Recurrence is rare and probably due to incomplete excision[7,21]. Further investigations were performed to exclude schwannomatosis or NF2. Absence of other schwannomas and lack of family history of schwannoma theoretically excluded both conditions (see diagnostic criteria in Tables 1 and 2). The presence of a germline NF2 mutation was excluded by a thorough genetic analysis. We performed direct sequencing of all coding exons of the NF2 gene. Deletion was excluded by MLPA. This mutation detection strategy, ideally performed on the original tumor specimen, allows the detection of a germline mutation in > 90% of NF2 patients with a family history of the disease, and in > 70% of sporadic cases. However, it is probably only justified in sporadic unilateral vestibular schwannoma in patients aged < 20 years, unless other features of NF2 are present[24].
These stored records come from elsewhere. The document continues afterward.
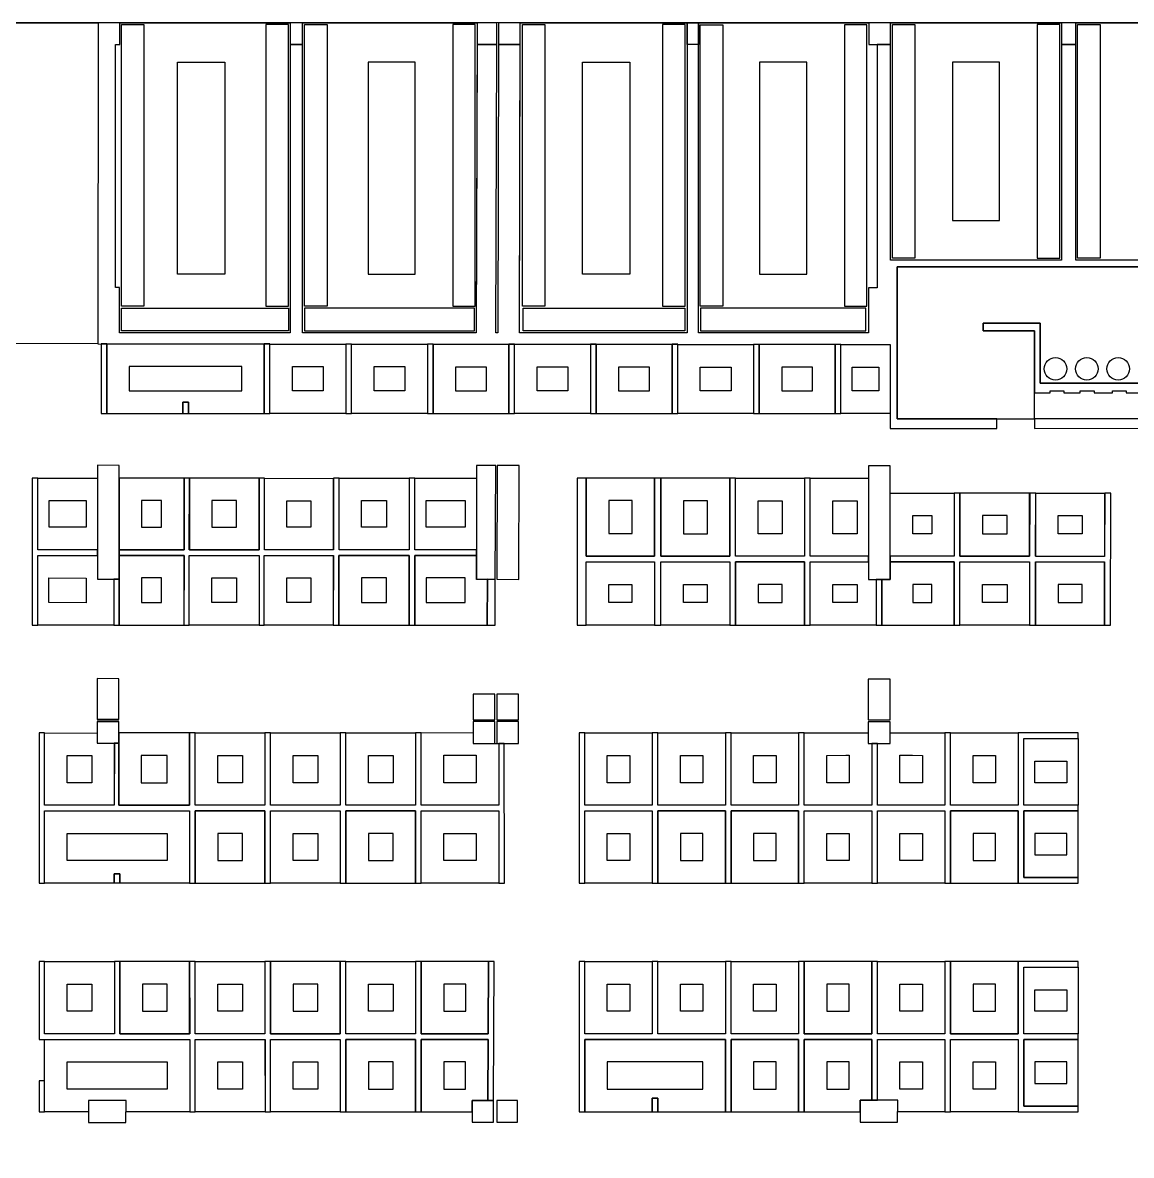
# Model space of a CAD drawing. Header units: millimetres. Extents: x 4722 to 16657, y -6012 to 3767.
# Drawn here: x 11459 to 14414, y 741 to 3759 of the extents above; entities that cross this region are included whole.
import ezdxf

# ---------------------------------------------------------------- set-up
doc = ezdxf.new("R2010")
doc.units = ezdxf.units.MM
for name, color, linetype in [('Entrance', 2, 'Continuous'), ('Floor', 3, 'Continuous'), ('Furniture', 2, 'Continuous'), ('Meeting rooms', 6, 'Continuous'), ('Offices', 1, 'Continuous'), ('Toilets', 40, 'Continuous'), ('Walls', 6, 'Continuous')]:
    doc.layers.add(name, color=color, linetype=linetype)

msp = doc.modelspace()

# ---------------------------------------------------------------- linework, layer by layer
at = {"layer": 'Entrance'}
msp.add_lwpolyline([(10720, 3758.2), (11660.2, 3758.3), (11658.9, 2902.9), (10718.9, 2903.4)], close=True, dxfattribs=at)
at = {"layer": 'Floor'}
msp.add_lwpolyline([(15578.1, 3758.6), (5808.2, 3758.2), (5800.3, -1151.4), (9710.3, -1149.9), (9711.5, -147.9), (11654.1, -151), (11652.5, -1149.7), (14095.6, -1149.4), (14095.6, -1468.8), (14704.3, -1468.8), (14705.2, -1097.9), (15569.3, -1098.1)], close=True, dxfattribs=at)
at = {"layer": 'Furniture', "elevation": 0}
for points in [[(11781.9, 3753.4), (11781.9, 3003.7), (11721.9, 3003.7), (11721.9, 3753.4)], [(12107.2, 3753.4), (12107.2, 3003.7), (12167.2, 3003.7), (12167.2, 3753.4)], [(12270.2, 3753.4), (12270.2, 3003.7), (12210.2, 3003.7), (12210.2, 3753.4)], [(12605.5, 3753.4), (12605.5, 3003.7), (12665.5, 3003.7), (12665.5, 3753.4)], [(12851, 3753.4), (12851, 3003.7), (12791, 3003.7), (12791, 3753.4)], [(13164.5, 3753.4), (13164.5, 3003.7), (13224.5, 3003.7), (13224.5, 3753.4)], [(13325.2, 3753.1), (13325.2, 3003.5), (13265.2, 3003.5), (13265.2, 3753.1)], [(13649.2, 3753.1), (13649.2, 3003.5), (13709.2, 3003.5), (13709.2, 3753.1)], [(13837.2, 3753.5), (13837.2, 3131.5), (13777.2, 3131.5), (13777.2, 3753.5)], [(14163.2, 3753.5), (14163.2, 3131.5), (14223.2, 3131.5), (14223.2, 3753.5)], [(14331.1, 3753.5), (14331.1, 3131.5), (14271.1, 3131.5), (14271.1, 3753.5)], [(11998, 3653.4), (11998, 3088.4), (11871.9, 3088.4), (11871.9, 3653.4)], [(12379.4, 3653.4), (12379.4, 3088.4), (12505.5, 3088.4), (12505.5, 3653.4)], [(13077.1, 3653.4), (13077.1, 3088.4), (12951, 3088.4), (12951, 3653.4)], [(13423.1, 3653.1), (13423.1, 3088.1), (13549.2, 3088.1), (13549.2, 3653.1)], [(13937.1, 3653.5), (13937.1, 3231.5), (14063.2, 3231.5), (14063.2, 3653.5)], [(11722.4, 2997.8), (12167.4, 2997.8), (12167.4, 2937.8), (11722.4, 2937.8)], [(12663.1, 2997.8), (12209.9, 2997.8), (12209.9, 2937.8), (12663.1, 2937.8)], [(12793.3, 2997.8), (13224.3, 2997.8), (13224.3, 2937.8), (12793.3, 2937.8)], [(13706.8, 2997.5), (13265.5, 2997.5), (13265.5, 2937.5), (13706.8, 2937.5)], [(11683.1, 2717.4), (11885.5, 2717.4), (11885.5, 2747.4), (11900.5, 2747.4), (11900.5, 2717.4), (12102.9, 2717.4), (12102.9, 2902.3), (11683.1, 2902.3)], [(12117.9, 2902.3), (12320.3, 2902.3), (12320.3, 2717.4), (12117.9, 2717.4)], [(12335.5, 2902.3), (12537.7, 2902.3), (12537.7, 2717.4), (12335.5, 2717.4)], [(12552.7, 2717.4), (12755.1, 2717.4), (12755.1, 2901.2), (12552.7, 2901.2)], [(12770.2, 2902), (12972.5, 2902), (12972.5, 2717.4), (12770.2, 2717.4)], [(12987.5, 2717.4), (13189.9, 2717.4), (13189.9, 2901.2), (12987.5, 2901.2)], [(13204.9, 2901.2), (13407.3, 2901.2), (13407.3, 2717.4), (13204.9, 2717.4)], [(13422.3, 2717.4), (13624.6, 2717.4), (13624.6, 2901.1), (13422.3, 2901.1)], [(13639.6, 2901.1), (13771.5, 2901.1), (13771.5, 2717.4), (13639.6, 2717.4)], [(11743.1, 2777.4), (11825.5, 2777.4), (11960.5, 2777.4), (12042.9, 2777.4), (12042.9, 2842.3), (11743.1, 2842.3)], [(12177.9, 2842.3), (12260.3, 2842.3), (12260.3, 2777.4), (12177.9, 2777.4)], [(12395.5, 2842.3), (12477.7, 2842.3), (12477.7, 2777.4), (12395.5, 2777.4)], [(12612.7, 2777.4), (12695.1, 2777.4), (12695.1, 2841.2), (12612.7, 2841.2)], [(12830.2, 2842), (12912.5, 2842), (12912.5, 2777.4), (12830.2, 2777.4)], [(13047.5, 2777.4), (13129.9, 2777.4), (13129.9, 2841.2), (13047.5, 2841.2)], [(13264.9, 2841.2), (13347.3, 2841.2), (13347.3, 2777.4), (13264.9, 2777.4)], [(13482.3, 2777.4), (13564.6, 2777.4), (13564.6, 2841.1), (13482.3, 2841.1)], [(13669.6, 2841.1), (13741.5, 2841.1), (13741.5, 2777.4), (13669.6, 2777.4)], [(11499.2, 2545.3), (11658, 2545.3), (11658, 2354.1), (11499.2, 2354.1)], [(11716, 2354.1), (11889.2, 2354.1), (11889.2, 2545.4), (11716, 2545.4)], [(12089.1, 2545.4), (11903.2, 2545.4), (11903.2, 2354.1), (12089.1, 2354.1)], [(12286.9, 2354.1), (12103.1, 2354.5), (12103.1, 2545), (12286.9, 2544.6)], [(12302.2, 2545.4), (12489.1, 2545.4), (12489.1, 2354.1), (12302.2, 2354.1)], [(12504.2, 2545.4), (12668.2, 2545.4), (12668.2, 2354.1), (12504.2, 2354.1)], [(13143.2, 2545.2), (12961.1, 2545.2), (12961.1, 2337.2), (13143.2, 2337.2)], [(13160.1, 2337.1), (13344.1, 2337.1), (13344.1, 2545.1), (13160.1, 2545.1)], [(13359.2, 2545.1), (13543.1, 2545.1), (13543.1, 2337.1), (13359.2, 2337.1)], [(13558.2, 2545), (13713.3, 2545), (13713.3, 2336.9), (13558.2, 2336.9)], [(13942.1, 2336.9), (13771.4, 2336.9), (13771.4, 2505.3), (13942.1, 2505.3)], [(14143.1, 2505.2), (13957.1, 2505.2), (13957.1, 2336.9), (14143.1, 2336.9)], [(14343.1, 2336.7), (14159.2, 2336.7), (14159.2, 2505.2), (14343.1, 2505.2)], [(11529.2, 2485.3), (11628, 2485.3), (11628, 2414.1), (11529.2, 2414.1)], [(11776, 2414.1), (11829.2, 2414.1), (11829.2, 2485.4), (11776, 2485.4)], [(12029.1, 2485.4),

Table 1 Diagnostic criteria for NF2[22].
Definite NF2
1Bilateral vestibular schwannomas or
2Family history of NF2 (first-degree family relative) plus
a Unilateral vestibular schwannoma at age < 30 yr, or
b Any two of the following: meningioma, glioma, schwannoma or juvenile posterior subcapsular lenticular opacities/juvenile cortical cataract
Presumptive or probable NF2
1Unilateral vestibular schwannoma at age < 30 yr plus at least one of the following: meningioma, glioma, schwannoma or juvenile posterior subcapsular lenticular opacities/juvenile cortical cataract
2Multiple meningiomas (two or more) plus
a Unilateral vestibular schwannoma at age < 30 yr, or
b One of the following: glioma, schwannoma or juvenile posterior subcapsular lenticular opacities/juvenile cortical cataract
Table 2 Diagnostic criteria for schwannomatosis[23].
Definite schwannomatosis
1Two or more pathologically proved schwannomas, plus
2Lack of radiographic evidence of vestibular schwannoma at age > 18 yr
Presumptive or probable schwannomatosis
1Two or more pathologically proved schwannomas without symptoms of eighth nerve dysfunction at age > 30 yr or
2Two or more pathologically proved schwannomas in an anatomically limited distribution (single limb or segment of the spine), without symptoms of eighth nerve dysfunction, at any age

In conclusion, benign retroperitoneal schwannomas are rare tumors arising from the neural sheath of peripheral nerves. They are usually incidental findings but may become symptomatic if sufficiently large. Symptoms are usually vague and non-specific and can mimic different diseases. CT and MR findings show characteristic features, but none are specific. Diagnosis is based on histopathological examination and immunohistochemistry. Total excision is therapeutic and has a good prognosis. Genetic testing for NF2 is probably not justified in the presence of a solitary retroperitoneal schwannoma.